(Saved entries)
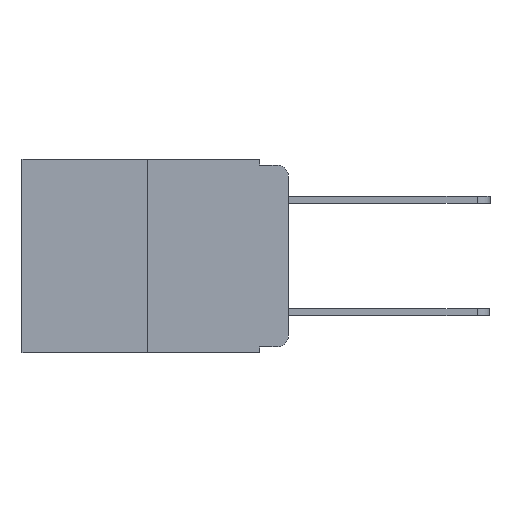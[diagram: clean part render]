
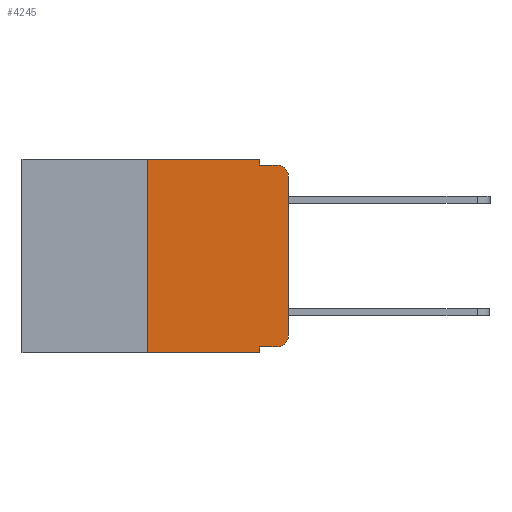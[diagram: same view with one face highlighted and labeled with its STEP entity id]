
A CAD part, left-side view. The second image highlights one B-rep face of the part: STEP entity #4245.
In plain terms, the highlighted planar face has unit normal (-1, 0, 0).
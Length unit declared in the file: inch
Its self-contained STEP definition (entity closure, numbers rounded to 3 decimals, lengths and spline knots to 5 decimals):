
#382 = VECTOR ( 'NONE', #5061, 39.37008 ) ;
#427 = LINE ( 'NONE', #7748, #9017 ) ;
#872 = VERTEX_POINT ( 'NONE', #3620 ) ;
#1007 = VERTEX_POINT ( 'NONE', #18246 ) ;
#1113 = VERTEX_POINT ( 'NONE', #7568 ) ;
#2024 = EDGE_CURVE ( 'NONE', #1007, #12784, #10740, .T. ) ;
#2254 = CARTESIAN_POINT ( 'NONE',  ( 0., 0.051, 0. ) ) ;
#2485 = LINE ( 'NONE', #21103, #11021 ) ;
#3620 = CARTESIAN_POINT ( 'NONE',  ( 0., 0.051, -0.333 ) ) ;
#3667 = ORIENTED_EDGE ( 'NONE', *, *, #2024, .T. ) ;
#3880 = ORIENTED_EDGE ( 'NONE', *, *, #11473, .F. ) ;
#4009 = FACE_OUTER_BOUND ( 'NONE', #15597, .T. ) ;
#4245 = ADVANCED_FACE ( 'NONE', ( #4009 ), #14608, .F. ) ;
#4523 = ORIENTED_EDGE ( 'NONE', *, *, #10435, .T. ) ;
#4700 = AXIS2_PLACEMENT_3D ( 'NONE', #14871, #4826, #16505 ) ;
#4826 = DIRECTION ( 'NONE',  ( -1., 0., 0. ) ) ;
#4933 = ORIENTED_EDGE ( 'NONE', *, *, #6500, .T. ) ;
#5061 = DIRECTION ( 'NONE',  ( 0., 0., 1. ) ) ;
#5122 = CARTESIAN_POINT ( 'NONE',  ( 0., 0.051, -0.01 ) ) ;
#5325 = CARTESIAN_POINT ( 'NONE',  ( 0., 0.02, -0.313 ) ) ;
#5567 = ORIENTED_EDGE ( 'NONE', *, *, #5883, .T. ) ;
#5573 = DIRECTION ( 'NONE',  ( 0., 0., -1. ) ) ;
#5585 = CIRCLE ( 'NONE', #4700, 0.02 ) ;
#5596 = DIRECTION ( 'NONE',  ( 1., 0., 0. ) ) ;
#5883 = EDGE_CURVE ( 'NONE', #872, #7851, #11632, .T. ) ;
#5972 = EDGE_CURVE ( 'NONE', #872, #16515, #10610, .T. ) ;
#6078 = CARTESIAN_POINT ( 'NONE',  ( 0., 0.051, -0.01 ) ) ;
#6337 = ORIENTED_EDGE ( 'NONE', *, *, #8736, .T. ) ;
#6446 = CARTESIAN_POINT ( 'NONE',  ( 0., 0.051, -0.333 ) ) ;
#6500 = EDGE_CURVE ( 'NONE', #7587, #16515, #427, .T. ) ;
#6754 = LINE ( 'NONE', #5122, #19421 ) ;
#6829 = ORIENTED_EDGE ( 'NONE', *, *, #5972, .F. ) ;
#6915 = CARTESIAN_POINT ( 'NONE',  ( 0., 0.25, 0. ) ) ;
#7057 = DIRECTION ( 'NONE',  ( 0., 0., -1. ) ) ;
#7062 = VERTEX_POINT ( 'NONE', #6915 ) ;
#7142 = VECTOR ( 'NONE', #11901, 39.37008 ) ;
#7153 = CARTESIAN_POINT ( 'NONE',  ( 0., 0.02, -0.01 ) ) ;
#7174 = CARTESIAN_POINT ( 'NONE',  ( 0., 0., -0.03 ) ) ;
#7568 = CARTESIAN_POINT ( 'NONE',  ( 0., 0.051, 0. ) ) ;
#7587 = VERTEX_POINT ( 'NONE', #19885 ) ;
#7733 = CARTESIAN_POINT ( 'NONE',  ( 0., 0.473, 0. ) ) ;
#7748 = CARTESIAN_POINT ( 'NONE',  ( 0., 0.473, -0.343 ) ) ;
#7755 = CARTESIAN_POINT ( 'NONE',  ( 0., 0., 0. ) ) ;
#7851 = VERTEX_POINT ( 'NONE', #17302 ) ;
#7860 = CARTESIAN_POINT ( 'NONE',  ( 0., 0.051, -0.343 ) ) ;
#8580 = DIRECTION ( 'NONE',  ( 0., -1., 0. ) ) ;
#8736 = EDGE_CURVE ( 'NONE', #12784, #13416, #5585, .T. ) ;
#9017 = VECTOR ( 'NONE', #20916, 39.37008 ) ;
#9450 = CARTESIAN_POINT ( 'NONE',  ( 0., 0.473, 0. ) ) ;
#10435 = EDGE_CURVE ( 'NONE', #7851, #1007, #15962, .T. ) ;
#10610 = LINE ( 'NONE', #2254, #14953 ) ;
#10740 = LINE ( 'NONE', #7755, #14588 ) ;
#11021 = VECTOR ( 'NONE', #11375, 39.37008 ) ;
#11046 = LINE ( 'NONE', #7733, #18684 ) ;
#11375 = DIRECTION ( 'NONE',  ( 0., 0., -1. ) ) ;
#11473 = EDGE_CURVE ( 'NONE', #7587, #7062, #20979, .T. ) ;
#11554 = ORIENTED_EDGE ( 'NONE', *, *, #12428, .F. ) ;
#11632 = LINE ( 'NONE', #6446, #7142 ) ;
#11901 = DIRECTION ( 'NONE',  ( 0., -1., 0. ) ) ;
#12097 = DIRECTION ( 'NONE',  ( 0., 0., -1. ) ) ;
#12428 = EDGE_CURVE ( 'NONE', #7062, #1113, #11046, .T. ) ;
#12784 = VERTEX_POINT ( 'NONE', #7174 ) ;
#13416 = VERTEX_POINT ( 'NONE', #7153 ) ;
#13467 = CARTESIAN_POINT ( 'NONE',  ( 0., 0.25, 0. ) ) ;
#13843 = ORIENTED_EDGE ( 'NONE', *, *, #17435, .F. ) ;
#14588 = VECTOR ( 'NONE', #21403, 39.37008 ) ;
#14608 = PLANE ( 'NONE',  #19143 ) ;
#14871 = CARTESIAN_POINT ( 'NONE',  ( 0., 0.02, -0.03 ) ) ;
#14953 = VECTOR ( 'NONE', #12097, 39.37008 ) ;
#15597 = EDGE_LOOP ( 'NONE', ( #3667, #6337, #13843, #18936, #11554, #3880, #4933, #6829, #5567, #4523 ) ) ;
#15869 = VERTEX_POINT ( 'NONE', #6078 ) ;
#15962 = CIRCLE ( 'NONE', #19318, 0.02 ) ;
#16505 = DIRECTION ( 'NONE',  ( 0., 0., -1. ) ) ;
#16515 = VERTEX_POINT ( 'NONE', #7860 ) ;
#16982 = DIRECTION ( 'NONE',  ( -1., 0., 0. ) ) ;
#17220 = EDGE_CURVE ( 'NONE', #1113, #15869, #2485, .T. ) ;
#17302 = CARTESIAN_POINT ( 'NONE',  ( 0., 0.02, -0.333 ) ) ;
#17435 = EDGE_CURVE ( 'NONE', #15869, #13416, #6754, .T. ) ;
#18246 = CARTESIAN_POINT ( 'NONE',  ( 0., 0., -0.313 ) ) ;
#18684 = VECTOR ( 'NONE', #19253, 39.37008 ) ;
#18936 = ORIENTED_EDGE ( 'NONE', *, *, #17220, .F. ) ;
#19143 = AXIS2_PLACEMENT_3D ( 'NONE', #9450, #5596, #5573 ) ;
#19253 = DIRECTION ( 'NONE',  ( 0., -1., 0. ) ) ;
#19318 = AXIS2_PLACEMENT_3D ( 'NONE', #5325, #16982, #7057 ) ;
#19421 = VECTOR ( 'NONE', #8580, 39.37008 ) ;
#19885 = CARTESIAN_POINT ( 'NONE',  ( 0., 0.25, -0.343 ) ) ;
#20916 = DIRECTION ( 'NONE',  ( 0., -1., 0. ) ) ;
#20979 = LINE ( 'NONE', #13467, #382 ) ;
#21103 = CARTESIAN_POINT ( 'NONE',  ( 0., 0.051, 0. ) ) ;
#21403 = DIRECTION ( 'NONE',  ( 0., 0., 1. ) ) ;

## [Exercise details]
Using the entries shown above, reproduce verbatim the lines from the line bearing "#9450 = CARTESIAN_POINT" to the line bearing "#11473 = EDGE_CURVE", inclusive.

## [Solution to the problem]
#9450 = CARTESIAN_POINT ( 'NONE',  ( 0., 0.473, 0. ) ) ;
#10435 = EDGE_CURVE ( 'NONE', #7851, #1007, #15962, .T. ) ;
#10610 = LINE ( 'NONE', #2254, #14953 ) ;
#10740 = LINE ( 'NONE', #7755, #14588 ) ;
#11021 = VECTOR ( 'NONE', #11375, 39.37008 ) ;
#11046 = LINE ( 'NONE', #7733, #18684 ) ;
#11375 = DIRECTION ( 'NONE',  ( 0., 0., -1. ) ) ;
#11473 = EDGE_CURVE ( 'NONE', #7587, #7062, #20979, .T. ) ;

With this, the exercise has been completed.